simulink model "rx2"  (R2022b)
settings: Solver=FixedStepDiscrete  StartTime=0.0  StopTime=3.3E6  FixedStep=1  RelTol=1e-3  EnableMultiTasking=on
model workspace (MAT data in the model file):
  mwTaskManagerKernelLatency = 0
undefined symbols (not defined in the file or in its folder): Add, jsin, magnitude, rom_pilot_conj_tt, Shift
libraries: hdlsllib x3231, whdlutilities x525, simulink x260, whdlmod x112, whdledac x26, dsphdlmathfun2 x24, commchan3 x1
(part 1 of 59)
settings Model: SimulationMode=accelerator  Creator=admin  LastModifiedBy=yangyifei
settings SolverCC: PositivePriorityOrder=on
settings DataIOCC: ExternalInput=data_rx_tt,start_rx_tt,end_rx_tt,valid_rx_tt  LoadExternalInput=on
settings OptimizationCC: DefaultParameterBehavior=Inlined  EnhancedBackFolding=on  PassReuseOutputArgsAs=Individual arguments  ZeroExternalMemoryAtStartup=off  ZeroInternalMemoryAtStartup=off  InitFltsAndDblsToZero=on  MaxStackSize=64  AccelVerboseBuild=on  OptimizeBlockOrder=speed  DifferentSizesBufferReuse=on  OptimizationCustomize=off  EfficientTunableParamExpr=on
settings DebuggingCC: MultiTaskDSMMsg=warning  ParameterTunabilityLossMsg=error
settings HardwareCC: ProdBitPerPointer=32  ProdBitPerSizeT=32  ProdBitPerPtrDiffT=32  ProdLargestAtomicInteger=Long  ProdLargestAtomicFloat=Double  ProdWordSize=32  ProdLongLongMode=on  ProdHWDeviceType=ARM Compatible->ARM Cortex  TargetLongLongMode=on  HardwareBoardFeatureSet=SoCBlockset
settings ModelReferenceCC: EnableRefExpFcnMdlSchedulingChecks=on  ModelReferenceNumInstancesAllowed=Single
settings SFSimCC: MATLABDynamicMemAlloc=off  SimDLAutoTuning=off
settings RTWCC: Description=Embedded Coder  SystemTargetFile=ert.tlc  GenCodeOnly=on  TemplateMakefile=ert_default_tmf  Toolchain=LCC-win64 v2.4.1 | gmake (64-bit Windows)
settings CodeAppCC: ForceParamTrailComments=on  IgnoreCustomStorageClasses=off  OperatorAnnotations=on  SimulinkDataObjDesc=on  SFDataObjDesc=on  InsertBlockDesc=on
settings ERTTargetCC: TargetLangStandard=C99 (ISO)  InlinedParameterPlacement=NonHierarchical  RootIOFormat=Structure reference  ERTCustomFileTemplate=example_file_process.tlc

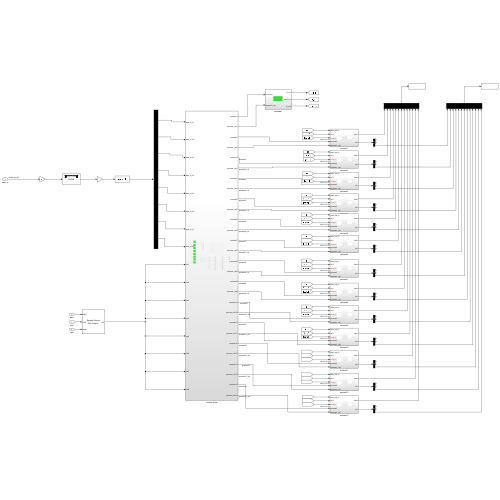
[thumbnail: Simulink's stored preview of the top-level diagram]
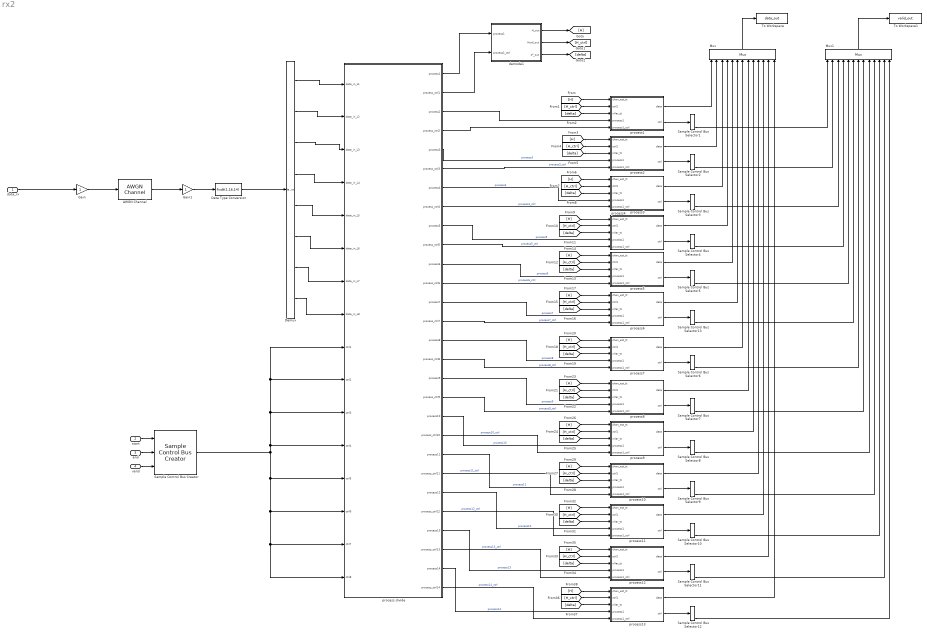
== system rx2 ==
  data_rx : Inport  OutDataTypeStr=double  PortDimensions=8
      settings: SignalType=complex
  start : Inport  Port=2
  end : Inport  Port=3
  valid : Inport  Port=4
  AWGN Channel : commchan3/AWGN Channel  InputProcessing=Columns as channels (frame based)  seed=67  noiseMode="Signal to noise ratio  (SNR)"  EbNodB=10  EsNodB=10  SNRdB=snr  bitsPerSym=1  Ps=1  Tsym=1  variance=1
  Data Type Conversion : DataTypeConversion  OutDataTypeStr=fixdt(1,16,14)  SaturateOnIntegerOverflow=off  RndMeth=Floor
  Demux : Demux  Outputs=8
  Gain : Gain
  Gain1 : Gain
  Mux : Mux  Inputs=13
  Mux1 : Mux  Inputs=13
  Sample Control Bus Creator : whdlutilities/Sample Control Bus Creator
  Sample Control Bus Selector{1..13} (13 alike) : whdlutilities/Sample Control Bus Selector  OutputSignals=start,end,valid
  To Workspace : ToWorkspace  VariableName=data_out  SaveFormat=Timeseries  SampleTime=-1
  To Workspace1 : ToWorkspace  VariableName=valid_out  SaveFormat=Timeseries  SampleTime=-1
  demode1 : Subsystem
  process divide : Subsystem
  process1 : Subsystem
  process10 : Subsystem
  process11 : Subsystem
  process12 : Subsystem
  process13 : Subsystem
  process2 : Subsystem
  process3 : Subsystem
  process4 : Subsystem
  process5 : Subsystem
  process6 : Subsystem
  process7 : Subsystem
  process8 : Subsystem
  process9 : Subsystem
  wires:
  process divide/20(process_ctrl10) -> process9/5(process1_ctrl)  "process10_ctrl"
  Demux/3 -> process divide/3(data_in_L3)
  process divide/13(process7) -> process6/4(process1)  "process7"
  process divide/18(process_ctrl9) -> process8/5(process1_ctrl)  "process9_ctrl"
  Demux/1 -> process divide/1(data_in_L1)
  process divide/14(process_ctrl7) -> process6/5(process1_ctrl)  "process7_ctrl"
  process divide/15(process8) -> process7/4(process1)  "process8"
  Demux/7 -> process divide/7(data_in_L7)
  process divide/8(process_ctrl4) -> process3/5(process1_ctrl)  "process4_ctrl"
  process divide/11(process6) -> process5/4(process1)  "process6"
  process divide/5(process3) -> process2/4(process1)  "process3"
  process divide/7(process4) -> process3/4(process1)  "process4"
  process divide/10(process_ctrl5) -> process4/5(process1_ctrl)  "process5_ctrl"
  process divide/9(process5) -> process4/4(process1)  "process5"
  process divide/3(process2) -> process1/4(process1)
  process divide/6(process_ctrl3) -> process2/5(process1_ctrl)  "process3_ctrl"
  [delta] -> process10/3(nVar_tt)
  [H] -> process9/1(chan_est_tt)
  [delta] -> process13/3(nVar_tt)
  [H_ctrl] -> process2/2(ctrl1)
  [delta] -> process11/3(nVar_tt)
  [H_ctrl] -> process11/2(ctrl1)
  process divide/26(process_ctrl13) -> process12/5(process1_ctrl)  "process13_ctrl"
  [H] -> process12/1(chan_est_tt)
  [H_ctrl] -> process10/2(ctrl1)
  process divide/27(process14) -> process13/4(process1)  "process14"
  process divide/17(process9) -> process8/4(process1)  "process9"
  [delta] -> process6/3(nVar_tt)
  process divide/1(process1) -> demode1/1(process1)
  [H] -> process11/1(chan_est_tt)
  [delta] -> process7/3(nVar_tt)
  demode1/2(Hcrtl_out) -> [H_ctrl]
  [H_ctrl] -> process8/2(ctrl1)
  process divide/19(process10) -> process9/4(process1)  "process10"
  Demux/6 -> process divide/6(data_in_L6)
  [H] -> process7/1(chan_est_tt)
  [delta] -> process5/3(nVar_tt)
  [H] -> process13/1(chan_est_tt)
  process divide/23(process12) -> process11/4(process1)  "process12"
  demode1/3(σ²_out) -> [delta]
  [H] -> process6/1(chan_est_tt)
  [H_ctrl] -> process4/2(ctrl1)
  [delta] -> process12/3(nVar_tt)
  [H] -> process8/1(chan_est_tt)
  [H_ctrl] -> process7/2(ctrl1)
  [delta] -> process2/3(nVar_tt)
  [H_ctrl] -> process6/2(ctrl1)
  process divide/22(process_ctrl11) -> process10/5(process1_ctrl)  "process11_ctrl"
  [delta] -> process4/3(nVar_tt)
  [delta] -> process3/3(nVar_tt)
  Demux/2 -> process divide/2("data_in_L2 ")
  [delta] -> process9/3(nVar_tt)
  [delta] -> process8/3(nVar_tt)
  [H_ctrl] -> process3/2(ctrl1)
  process divide/25(process13) -> process12/4(process1)  "process13"
  [H] -> process5/1(chan_est_tt)
  [H] -> process4/1(chan_est_tt)
  [H] -> process10/1(chan_est_tt)
  [H_ctrl] -> process9/2(ctrl1)
  process divide/21(process11) -> process10/4(process1)  "process11"
  process divide/28(process_ctrl14) -> process13/5(process1_ctrl)  "process14_ctrl"
  Demux/5 -> process divide/5(data_in_L5)
  Demux/8 -> process divide/8(data_in_L8)
  [H_ctrl] -> process12/2(ctrl1)
  [delta] -> process1/3(nVar_tt)
  [H_ctrl] -> process13/2(ctrl1)
  [H] -> process1/1(chan_est_tt)
  [H_ctrl] -> process1/2(ctrl1)
  [H] -> process2/1(chan_est_tt)
  [H_ctrl] -> process5/2(ctrl1)
  process divide/16(process_ctrl8) -> process7/5(process1_ctrl)  "process8_ctrl"
  process divide/24(process_ctrl12) -> process11/5(process1_ctrl)  "process12_ctrl"
  process divide/2(process_ctrl1) -> demode1/2(process1_ctrl)
  process divide/12(process_ctrl6) -> process5/5(process1_ctrl)  "process6_ctrl"
  process divide/4(process_ctrl2) -> process1/5(process1_ctrl)
  demode1/1(H_out) -> [H]
  Demux/4 -> process divide/4(data_in_L4)
  [H] -> process3/1(chan_est_tt)
  start/1 -> Sample Control Bus Creator/1
  end/1 -> Sample Control Bus Creator/2
  valid/1 -> Sample Control Bus Creator/3
  Sample Control Bus Creator/1 -> process divide/16(ctrl8), process divide/15(ctrl7), process divide/14(ctrl6), process divide/13(ctrl5), process divide/12(ctrl4), process divide/11(ctrl3), process divide/10(ctrl2), process divide/9(ctrl1)
  process1/1(data) -> Mux/1
  process2/1(data) -> Mux/2
  process3/1(data) -> Mux/3
  process4/1(data) -> Mux/4
  process5/1(data) -> Mux/5
  process6/1(data) -> Mux/6
  process7/1(data) -> Mux/7
  process8/1(data) -> Mux/8
  process9/1(data) -> Mux/9
  process10/1(data) -> Mux/10
  process11/1(data) -> Mux/11
  process13/1(data) -> Mux/13
  process12/1(data) -> Mux/12
  Mux/1 -> To Workspace/1
  process1/2(ctrl) -> Sample Control Bus Selector1/1
  process2/2(ctrl) -> Sample Control Bus Selector2/1
  process3/2(ctrl) -> Sample Control Bus Selector3/1
  process4/2(ctrl) -> Sample Control Bus Selector4/1
  process5/2(ctrl) -> Sample Control Bus Selector5/1
  process7/2(ctrl) -> Sample Control Bus Selector6/1
  process8/2(ctrl) -> Sample Control Bus Selector7/1
  process9/2(ctrl) -> Sample Control Bus Selector8/1
  process10/2(ctrl) -> Sample Control Bus Selector9/1
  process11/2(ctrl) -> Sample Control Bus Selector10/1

==================================================

### [YOUR ASSIGNMENT]
Within the material above, the line with "process divide/19(process10) ->" opens the range and the line with "[H_ctrl] -> process3/2(ctrl1)" closes it; reproduce that range word for word.

### [RESULT FOR THIS TASK]
  process divide/19(process10) -> process9/4(process1)  "process10"
  Demux/6 -> process divide/6(data_in_L6)
  [H] -> process7/1(chan_est_tt)
  [delta] -> process5/3(nVar_tt)
  [H] -> process13/1(chan_est_tt)
  process divide/23(process12) -> process11/4(process1)  "process12"
  demode1/3(σ²_out) -> [delta]
  [H] -> process6/1(chan_est_tt)
  [H_ctrl] -> process4/2(ctrl1)
  [delta] -> process12/3(nVar_tt)
  [H] -> process8/1(chan_est_tt)
  [H_ctrl] -> process7/2(ctrl1)
  [delta] -> process2/3(nVar_tt)
  [H_ctrl] -> process6/2(ctrl1)
  process divide/22(process_ctrl11) -> process10/5(process1_ctrl)  "process11_ctrl"
  [delta] -> process4/3(nVar_tt)
  [delta] -> process3/3(nVar_tt)
  Demux/2 -> process divide/2("data_in_L2 ")
  [delta] -> process9/3(nVar_tt)
  [delta] -> process8/3(nVar_tt)
  [H_ctrl] -> process3/2(ctrl1)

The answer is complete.